While doing this, I do want to keep an eye on what will work for AT architectures too, because I do want at some point to make an ATRAMTEST ROM. While XTRAMTEST will run on the AT, the March test has to know the actual width of RAM (8-bit on XT, 16-bit on AT and 386sx). So the march algorithm will have to be changed to be properly effective on AT-class machines, and it would be nice to find a solution to the EGA/VGA problem that will work on AT machines. I'm not aware of any open-source AT-class BIOS, which will restrict our options there.

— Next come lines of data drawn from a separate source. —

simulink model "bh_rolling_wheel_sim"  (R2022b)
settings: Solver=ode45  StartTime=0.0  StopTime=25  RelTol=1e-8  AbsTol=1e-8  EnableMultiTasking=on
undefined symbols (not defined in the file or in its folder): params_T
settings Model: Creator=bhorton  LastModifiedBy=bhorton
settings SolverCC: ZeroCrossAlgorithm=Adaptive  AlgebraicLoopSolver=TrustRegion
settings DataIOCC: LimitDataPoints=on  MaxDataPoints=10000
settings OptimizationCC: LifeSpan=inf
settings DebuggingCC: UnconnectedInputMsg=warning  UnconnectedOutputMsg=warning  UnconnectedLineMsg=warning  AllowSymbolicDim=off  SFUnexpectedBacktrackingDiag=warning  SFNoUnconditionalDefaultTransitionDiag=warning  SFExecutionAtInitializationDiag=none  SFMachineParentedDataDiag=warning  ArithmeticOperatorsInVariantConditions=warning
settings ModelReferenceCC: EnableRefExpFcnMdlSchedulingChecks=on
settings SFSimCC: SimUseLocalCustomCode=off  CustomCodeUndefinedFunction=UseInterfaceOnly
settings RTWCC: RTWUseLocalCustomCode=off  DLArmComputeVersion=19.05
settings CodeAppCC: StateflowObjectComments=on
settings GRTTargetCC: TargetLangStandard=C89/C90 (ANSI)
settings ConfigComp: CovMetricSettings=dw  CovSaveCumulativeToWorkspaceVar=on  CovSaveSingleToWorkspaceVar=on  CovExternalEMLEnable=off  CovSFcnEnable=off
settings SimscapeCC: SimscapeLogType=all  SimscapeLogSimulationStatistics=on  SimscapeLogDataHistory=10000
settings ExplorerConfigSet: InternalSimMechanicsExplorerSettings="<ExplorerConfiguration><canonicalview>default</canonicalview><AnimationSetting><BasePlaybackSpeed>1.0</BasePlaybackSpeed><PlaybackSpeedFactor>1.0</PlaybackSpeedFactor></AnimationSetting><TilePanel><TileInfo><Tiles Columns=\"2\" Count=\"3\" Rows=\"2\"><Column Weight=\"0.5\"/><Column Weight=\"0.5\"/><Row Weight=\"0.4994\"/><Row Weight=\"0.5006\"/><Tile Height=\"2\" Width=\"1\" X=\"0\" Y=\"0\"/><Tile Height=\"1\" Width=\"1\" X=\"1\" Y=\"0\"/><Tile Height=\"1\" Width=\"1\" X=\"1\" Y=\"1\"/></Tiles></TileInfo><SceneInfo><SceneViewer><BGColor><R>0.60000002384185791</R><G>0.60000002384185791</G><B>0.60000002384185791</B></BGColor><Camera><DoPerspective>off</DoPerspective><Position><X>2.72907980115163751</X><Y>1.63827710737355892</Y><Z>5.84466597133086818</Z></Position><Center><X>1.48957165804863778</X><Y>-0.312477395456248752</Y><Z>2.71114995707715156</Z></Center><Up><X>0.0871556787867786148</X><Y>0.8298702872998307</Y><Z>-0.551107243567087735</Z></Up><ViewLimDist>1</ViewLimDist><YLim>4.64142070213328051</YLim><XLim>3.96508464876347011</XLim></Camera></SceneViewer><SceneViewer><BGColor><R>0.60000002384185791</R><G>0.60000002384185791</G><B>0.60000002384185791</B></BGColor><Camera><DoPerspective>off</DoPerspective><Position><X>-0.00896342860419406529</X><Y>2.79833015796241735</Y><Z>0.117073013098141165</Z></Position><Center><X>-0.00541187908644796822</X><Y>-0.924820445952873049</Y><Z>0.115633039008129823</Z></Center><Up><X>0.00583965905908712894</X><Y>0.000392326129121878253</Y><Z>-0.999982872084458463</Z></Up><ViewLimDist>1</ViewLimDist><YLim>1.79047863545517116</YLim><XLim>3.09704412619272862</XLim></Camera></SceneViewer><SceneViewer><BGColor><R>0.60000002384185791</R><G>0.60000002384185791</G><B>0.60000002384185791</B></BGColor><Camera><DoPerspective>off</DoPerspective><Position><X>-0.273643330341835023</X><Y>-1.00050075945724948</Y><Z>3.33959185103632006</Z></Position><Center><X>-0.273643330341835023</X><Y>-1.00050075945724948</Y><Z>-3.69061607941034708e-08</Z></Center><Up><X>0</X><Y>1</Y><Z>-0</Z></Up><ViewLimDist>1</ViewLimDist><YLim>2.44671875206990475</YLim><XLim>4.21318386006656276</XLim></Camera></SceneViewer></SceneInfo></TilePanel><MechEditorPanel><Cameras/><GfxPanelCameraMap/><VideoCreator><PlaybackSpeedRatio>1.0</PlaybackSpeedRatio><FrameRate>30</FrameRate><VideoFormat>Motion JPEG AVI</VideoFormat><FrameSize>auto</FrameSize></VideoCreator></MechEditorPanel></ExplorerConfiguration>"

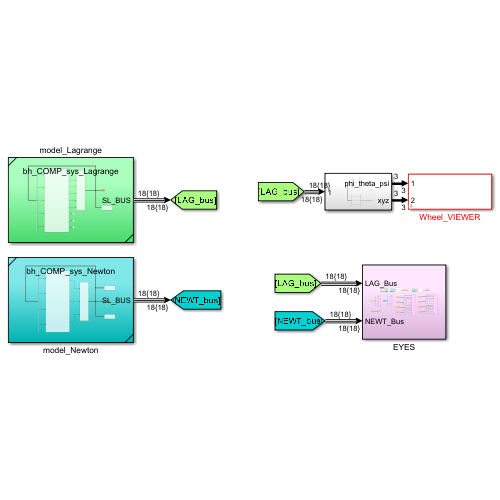
[thumbnail: Simulink's stored preview of the top-level diagram]
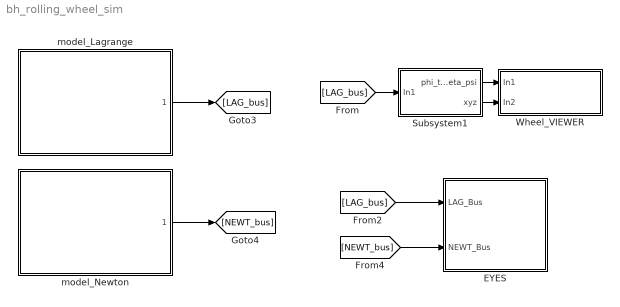
== system bh_rolling_wheel_sim ==
  EYES : Subsystem
  Subsystem1 : Subsystem
  Wheel_VIEWER : Subsystem  mask{Ts=0.01, R=params_T.r, the_XLIM=[-1,4], the_YLIM=[-2,3], yn_create_gif=off}
      mask prompts: Ts "Sample Time"; R "Wheel radius (m)"; the_XLIM "X axis display limita"; the_YLIM "Y axis display limita"; yn_create_gif "Create a Gif animation"
      mask init:
      | tf_create_gif = false;
      | 
      | if(1 == yn_create_gif)
      |     tf_create_gif = true;
      | end
  model_Lagrange : Subsystem  ReferencedSubsystem=bh_COMP_sys_Lagrange
  model_Newton : Subsystem  ReferencedSubsystem=bh_COMP_sys_Newton
  wires:
  model_Lagrange/1 -> [LAG_bus]
  [LAG_bus] -> EYES/1(LAG_Bus)
  model_Newton/1 -> [NEWT_bus]
  [NEWT_bus] -> EYES/2(NEWT_Bus)
  [LAG_bus] -> Subsystem1/1(In1)
  Subsystem1/1(phi_theta_psi) -> Wheel_VIEWER/1(In1)
  Subsystem1/2(xyz) -> Wheel_VIEWER/2(In2)

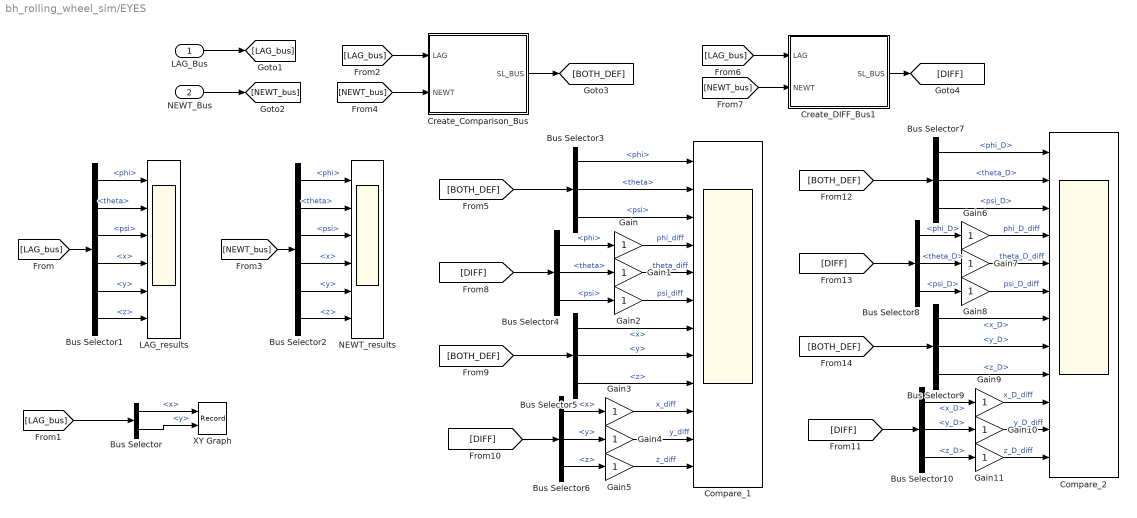
== system bh_rolling_wheel_sim/EYES ==
  LAG_Bus : Inport
  NEWT_Bus : Inport  Port=2
  Bus Selector : BusSelector  OutputSignals=x,y
  Bus Selector1 : BusSelector  OutputSignals=phi,theta,psi,x,y,z
  Bus Selector10 : BusSelector  OutputSignals=x_D,y_D,z_D
  Bus Selector2 : BusSelector  OutputSignals=phi,theta,psi,x,y,z
  Bus Selector3 : BusSelector  OutputSignals=phi,theta,psi
  Bus Selector4 : BusSelector  OutputSignals=phi,theta,psi
  Bus Selector5 : BusSelector  OutputSignals=x,y,z
  Bus Selector6 : BusSelector  OutputSignals=x,y,z
  Bus Selector7 : BusSelector  OutputSignals=phi_D,theta_D,psi_D
  Bus Selector8 : BusSelector  OutputSignals=phi_D,theta_D,psi_D
  Bus Selector9 : BusSelector  OutputSignals=x_D,y_D,z_D
  Compare_1 : Scope  NumInputPorts=12
  Compare_2 : Scope  NumInputPorts=12
  Create_Comparison_Bus : Subsystem
  Create_DIFF_Bus1 : Subsystem
  Gain{,1..11} (12 alike) : Gain
  LAG_results : Scope  NumInputPorts=6
  NEWT_results : Scope  NumInputPorts=6
  XY Graph : Record  FileSettingsInternal="{\"entries\":[{\"content\":{\"excelSettings\":{\"content\":{},\"type\":\"Streamout.ExcelSettings\"}},\"type\":\"Streamout.FileSettingStorage\",\"uuid\":\"3bbcc6d4-e80f-4088-86fa-dfbbbb3db5ed\"}],\"packageUris\":[\"http://schema.mathworks.com/mf0/streamout_blocks/R2020a\"],\"version\":\"1.0\"}"  Layout=[1 1]  SignalsInternal="{\"entries\":[{\"content\":{\"signals\":[{\"content\":{\"blockPath\":[\"bh_rolling_wheel_sim/EYES/XY Graph\"],\"channel\":[],\"dimensions\":[1],\"domain\":\"bh_rolling_wheel_sim/EYES/XY Graph\",\"lineColor\":\"#a2142f\",\"plots\":[1],\"port\":1,\"sid\":[\"\"],\"signalID\":276,\"signalName\":\"<x>\"},\"type\":\"RecordBlkView.Signal\",\"uuid\":\"79d595cb-14e4-4e82-960c-d63856479ab5\"},{\"content\":{\"blockPath\":[\"bh_rolling_wheel_sim/EYES/XY Graph\"],\"channel\":[],\"dimensions\":[1],\"domain\":\"bh_rolling_wheel_sim/EYES/XY Graph\",\"lineColor\":\"#139fff\",\"plots\":[1],\"port\":2,\"sid\":[\"\"],\"signalID\":280,\"signalName\":\"<y>\"},\"type\":\"RecordBlkView.Signal\",\"uuid\":\"96d2b0eb-df74-46b9-8e88-be5965efdb28\"}]},\"type\":\"RecordBlkView.InputSignals\",\"uuid\":\"0337ab20-17b4-4a58-be16-674d9728b6b7\"}],\"packageUris\":[\"http://schema.mathworks.com/mf0/streamout_blocks/R2020a\"],\"version\":\"1.0\"}"  VisualizationBindings="{\"xyplotplugin\":{\"info\":[{\"series\":[{\"bindingParametersList\":[{\"parameter\":\"X-Axis\",\"signalID\":276,\"signalName\":\"<x>\"},{\"parameter\":\"Y-Axis\",\"signalID\":280,\"signalName\":\"<y>\"}],\"seriesID\":22220}],\"subplotID\":1}]}}"  CompatibilityTag=XY  st=-1
  wires:
  LAG_Bus/1 -> [LAG_bus]
  [LAG_bus] -> Bus Selector1/1
  Bus Selector1/1 -> LAG_results/1  "<phi>"
  Bus Selector1/2 -> LAG_results/2  "<theta>"
  Bus Selector1/3 -> LAG_results/3  "<psi>"
  Bus Selector1/4 -> LAG_results/4  "<x>"
  Bus Selector1/5 -> LAG_results/5  "<y>"
  Bus Selector1/6 -> LAG_results/6  "<z>"
  [LAG_bus] -> Bus Selector/1
  Bus Selector/1 -> XY Graph/1  "<x>"
  Bus Selector/2 -> XY Graph/2  "<y>"
  NEWT_Bus/1 -> [NEWT_bus]
  Bus Selector2/5 -> NEWT_results/5  "<y>"
  Bus Selector2/4 -> NEWT_results/4  "<x>"
  Bus Selector2/2 -> NEWT_results/2  "<theta>"
  Bus Selector2/1 -> NEWT_results/1  "<phi>"
  Bus Selector2/6 -> NEWT_results/6  "<z>"
  [NEWT_bus] -> Bus Selector2/1
  Bus Selector2/3 -> NEWT_results/3  "<psi>"
  Create_Comparison_Bus/1(SL_BUS) -> [BOTH_DEF]
  [NEWT_bus] -> Create_Comparison_Bus/2(NEWT)
  [LAG_bus] -> Create_Comparison_Bus/1(LAG)
  [NEWT_bus] -> Create_DIFF_Bus1/2(NEWT)
  [LAG_bus] -> Create_DIFF_Bus1/1(LAG)
  Create_DIFF_Bus1/1(SL_BUS) -> [DIFF]
  [BOTH_DEF] -> Bus Selector3/1
  Bus Selector3/1 -> Compare_1/1  "<phi>"
  Bus Selector3/2 -> Compare_1/2  "<theta>"
  Bus Selector3/3 -> Compare_1/3  "<psi>"
  Bus Selector4/1 -> Gain/1  "<phi>"
  Bus Selector4/2 -> Gain1/1  "<theta>"
  Bus Selector4/3 -> Gain2/1  "<psi>"
  [DIFF] -> Bus Selector4/1
  [BOTH_DEF] -> Bus Selector5/1
  Bus Selector5/1 -> Compare_1/7  "<x>"
  Bus Selector5/2 -> Compare_1/8  "<y>"
  Bus Selector5/3 -> Compare_1/9  "<z>"
  Bus Selector6/2 -> Gain4/1  "<y>"
  [DIFF] -> Bus Selector6/1
  Bus Selector6/1 -> Gain3/1  "<x>"
  Bus Selector6/3 -> Gain5/1  "<z>"
  Bus Selector9/1 -> Compare_2/7  "<x_D>"
  [BOTH_DEF] -> Bus Selector9/1
  Bus Selector9/3 -> Compare_2/9  "<z_D>"
  Bus Selector9/2 -> Compare_2/8  "<y_D>"
  Bus Selector7/1 -> Compare_2/1  "<phi_D>"
  Bus Selector7/2 -> Compare_2/2  "<theta_D>"
  Bus Selector7/3 -> Compare_2/3  "<psi_D>"
  [DIFF] -> Bus Selector8/1
  [DIFF] -> Bus Selector10/1
  [BOTH_DEF] -> Bus Selector7/1
  Gain2/1 -> Compare_1/6  "psi_diff"
  Gain/1 -> Compare_1/4  "phi_diff"
  Gain1/1 -> Compare_1/5  "theta_diff"
  Gain3/1 -> Compare_1/10  "x_diff"
  Gain4/1 -> Compare_1/11  "y_diff"
  Gain5/1 -> Compare_1/12  "z_diff"
  Bus Selector8/1 -> Gain6/1  "<phi_D>"
  Bus Selector8/2 -> Gain7/1  "<theta_D>"
  Bus Selector8/3 -> Gain8/1  "<psi_D>"
  Bus Selector10/1 -> Gain9/1  "<x_D>"
  Bus Selector10/2 -> Gain10/1  "<y_D>"
  Bus Selector10/3 -> Gain11/1  "<z_D>"
  Gain6/1 -> Compare_2/4  "phi_D_diff"
  Gain7/1 -> Compare_2/5  "theta_D_diff"
  Gain8/1 -> Compare_2/6  "psi_D_diff"
  Gain9/1 -> Compare_2/10  "x_D_diff"
  Gain10/1 -> Compare_2/11  "y_D_diff"
  Gain11/1 -> Compare_2/12  "z_D_diff"

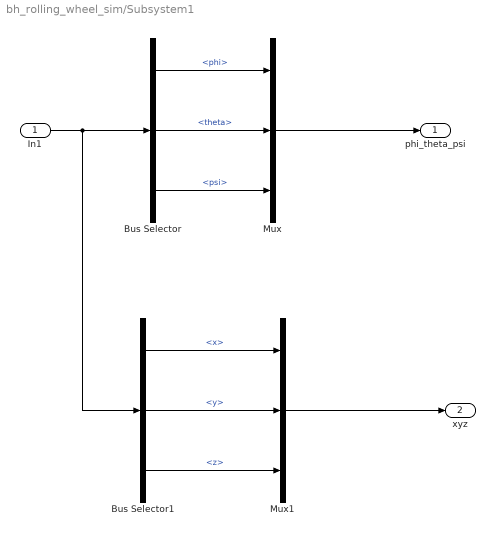
== system bh_rolling_wheel_sim/Subsystem1 ==
  In1 : Inport
  Bus Selector : BusSelector  OutputSignals=phi,theta,psi
  Bus Selector1 : BusSelector  OutputSignals=x,y,z
  Mux : Mux  Inputs=3
  Mux1 : Mux  Inputs=3
  phi_theta_psi : Outport
  xyz : Outport  Port=2
  wires:
  In1/1 -> Bus Selector1/1, Bus Selector/1
  Bus Selector/1 -> Mux/1  "<phi>"
  Bus Selector/2 -> Mux/2  "<theta>"
  Bus Selector/3 -> Mux/3  "<psi>"
  Bus Selector1/1 -> Mux1/1  "<x>"
  Bus Selector1/2 -> Mux1/2  "<y>"
  Bus Selector1/3 -> Mux1/3  "<z>"
  Mux/1 -> phi_theta_psi/1
  Mux1/1 -> xyz/1

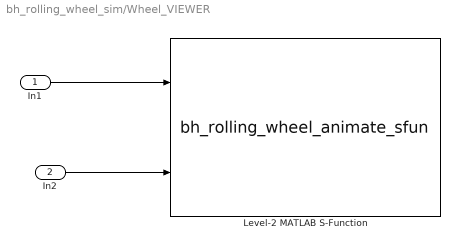
== system bh_rolling_wheel_sim/Wheel_VIEWER ==
  In1 : Inport
  In2 : Inport  Port=2
  Level-2 MATLAB S-Function : M-S-Function  FunctionName=bh_rolling_wheel_animate_sfun  Parameters=Ts, R, the_XLIM, the_YLIM, tf_create_gif
  wires:
  In1/1 -> Level-2 MATLAB S-Function/1
  In2/1 -> Level-2 MATLAB S-Function/2

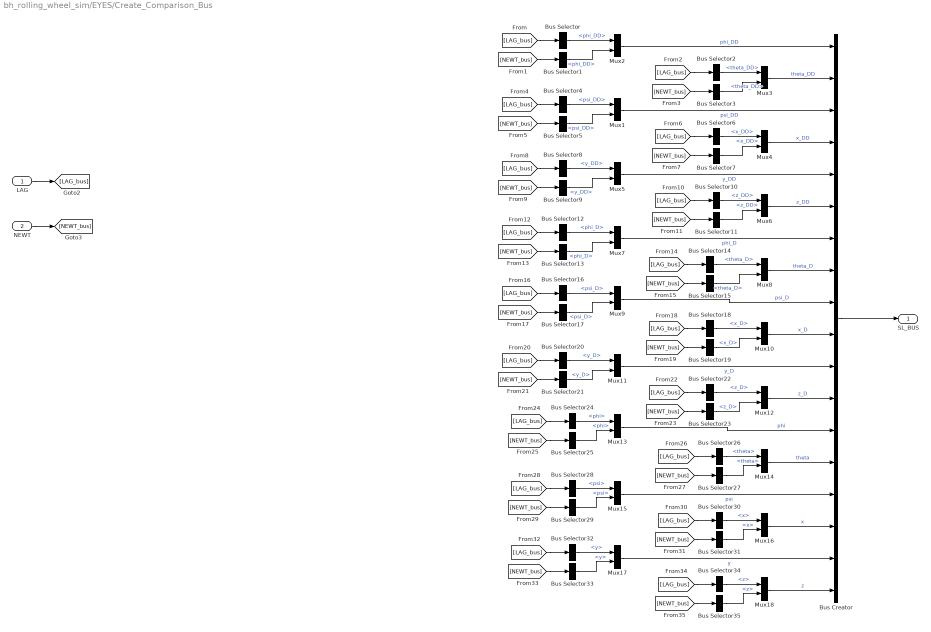
== system bh_rolling_wheel_sim/EYES/Create_Comparison_Bus ==
  LAG : Inport
  NEWT : Inport  Port=2
  Bus Creator : BusCreator  Inputs=18
  Bus Selector : BusSelector  OutputSignals=phi_DD
  Bus Selector1 : BusSelector  OutputSignals=phi_DD
  Bus Selector10 : BusSelector  OutputSignals=z_DD
  Bus Selector11 : BusSelector  OutputSignals=z_DD
  Bus Selector12 : BusSelector  OutputSignals=phi_D
  Bus Selector13 : BusSelector  OutputSignals=phi_D
  Bus Selector14 : BusSelector  OutputSignals=theta_D
  Bus Selector15 : BusSelector  OutputSignals=theta_D
  Bus Selector16 : BusSelector  OutputSignals=psi_D
  Bus Selector17 : BusSelector  OutputSignals=psi_D
  Bus Selector18 : BusSelector  OutputSignals=x_D
  Bus Selector19 : BusSelector  OutputSignals=x_D
  Bus Selector2 : BusSelector  OutputSignals=theta_DD
  Bus Selector20 : BusSelector  OutputSignals=y_D
  Bus Selector21 : BusSelector  OutputSignals=y_D
  Bus Selector22 : BusSelector  OutputSignals=z_D
  Bus Selector23 : BusSelector  OutputSignals=z_D
  Bus Selector24 : BusSelector  OutputSignals=phi
  Bus Selector25 : BusSelector  OutputSignals=phi
  Bus Selector26 : BusSelector  OutputSignals=theta
  Bus Selector27 : BusSelector  OutputSignals=theta
  Bus Selector28 : BusSelector  OutputSignals=psi
  Bus Selector29 : BusSelector  OutputSignals=psi
  Bus Selector3 : BusSelector  OutputSignals=theta_DD
  Bus Selector30 : BusSelector  OutputSignals=x
  Bus Selector31 : BusSelector  OutputSignals=x
  Bus Selector32 : BusSelector  OutputSignals=y
  Bus Selector33 : BusSelector  OutputSignals=y
  Bus Selector34 : BusSelector  OutputSignals=z
  Bus Selector35 : BusSelector  OutputSignals=z
  Bus Selector4 : BusSelector  OutputSignals=psi_DD
  Bus Selector5 : BusSelector  OutputSignals=psi_DD
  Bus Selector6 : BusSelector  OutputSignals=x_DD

One comment @MobyGamer made does make sense: Perform a March test on just the lowest 2K or 16K or RAM during option ROM init time could be useful. It would not prove that the first bank or RAM works, but it would prove that the bottom of RAM is usable so long as nothing higher test used. My worry is that if XTRAMTEST runs before the video BIOS init, we can't display errors on the screen (or, in good conscience, allow the BIOS to continue running initialization including the video BIOS). But if the XTRAMTEST runs after the video BIOS is initialized, it will destroy the BIOS data area and stack, and it will not be safe (or, really, possible) to return to the BIOS and allow it to run. Perhaps in that case XTRAMTEST could temporarily copy the BDA and stack into video RAM, but that's starting to get complex and could lead to reliability problems.
One of the nice side benefits to running as an option ROM is allowing it to stay installed even when you just want to boot and use the machine. It would be nice not to paint ourselves into a corner where that ability is lost.
I'd like to move this to the "Discussion" area, since it's not an "issue" per se. It could lead to creating an "issue" for an enhancement in the future.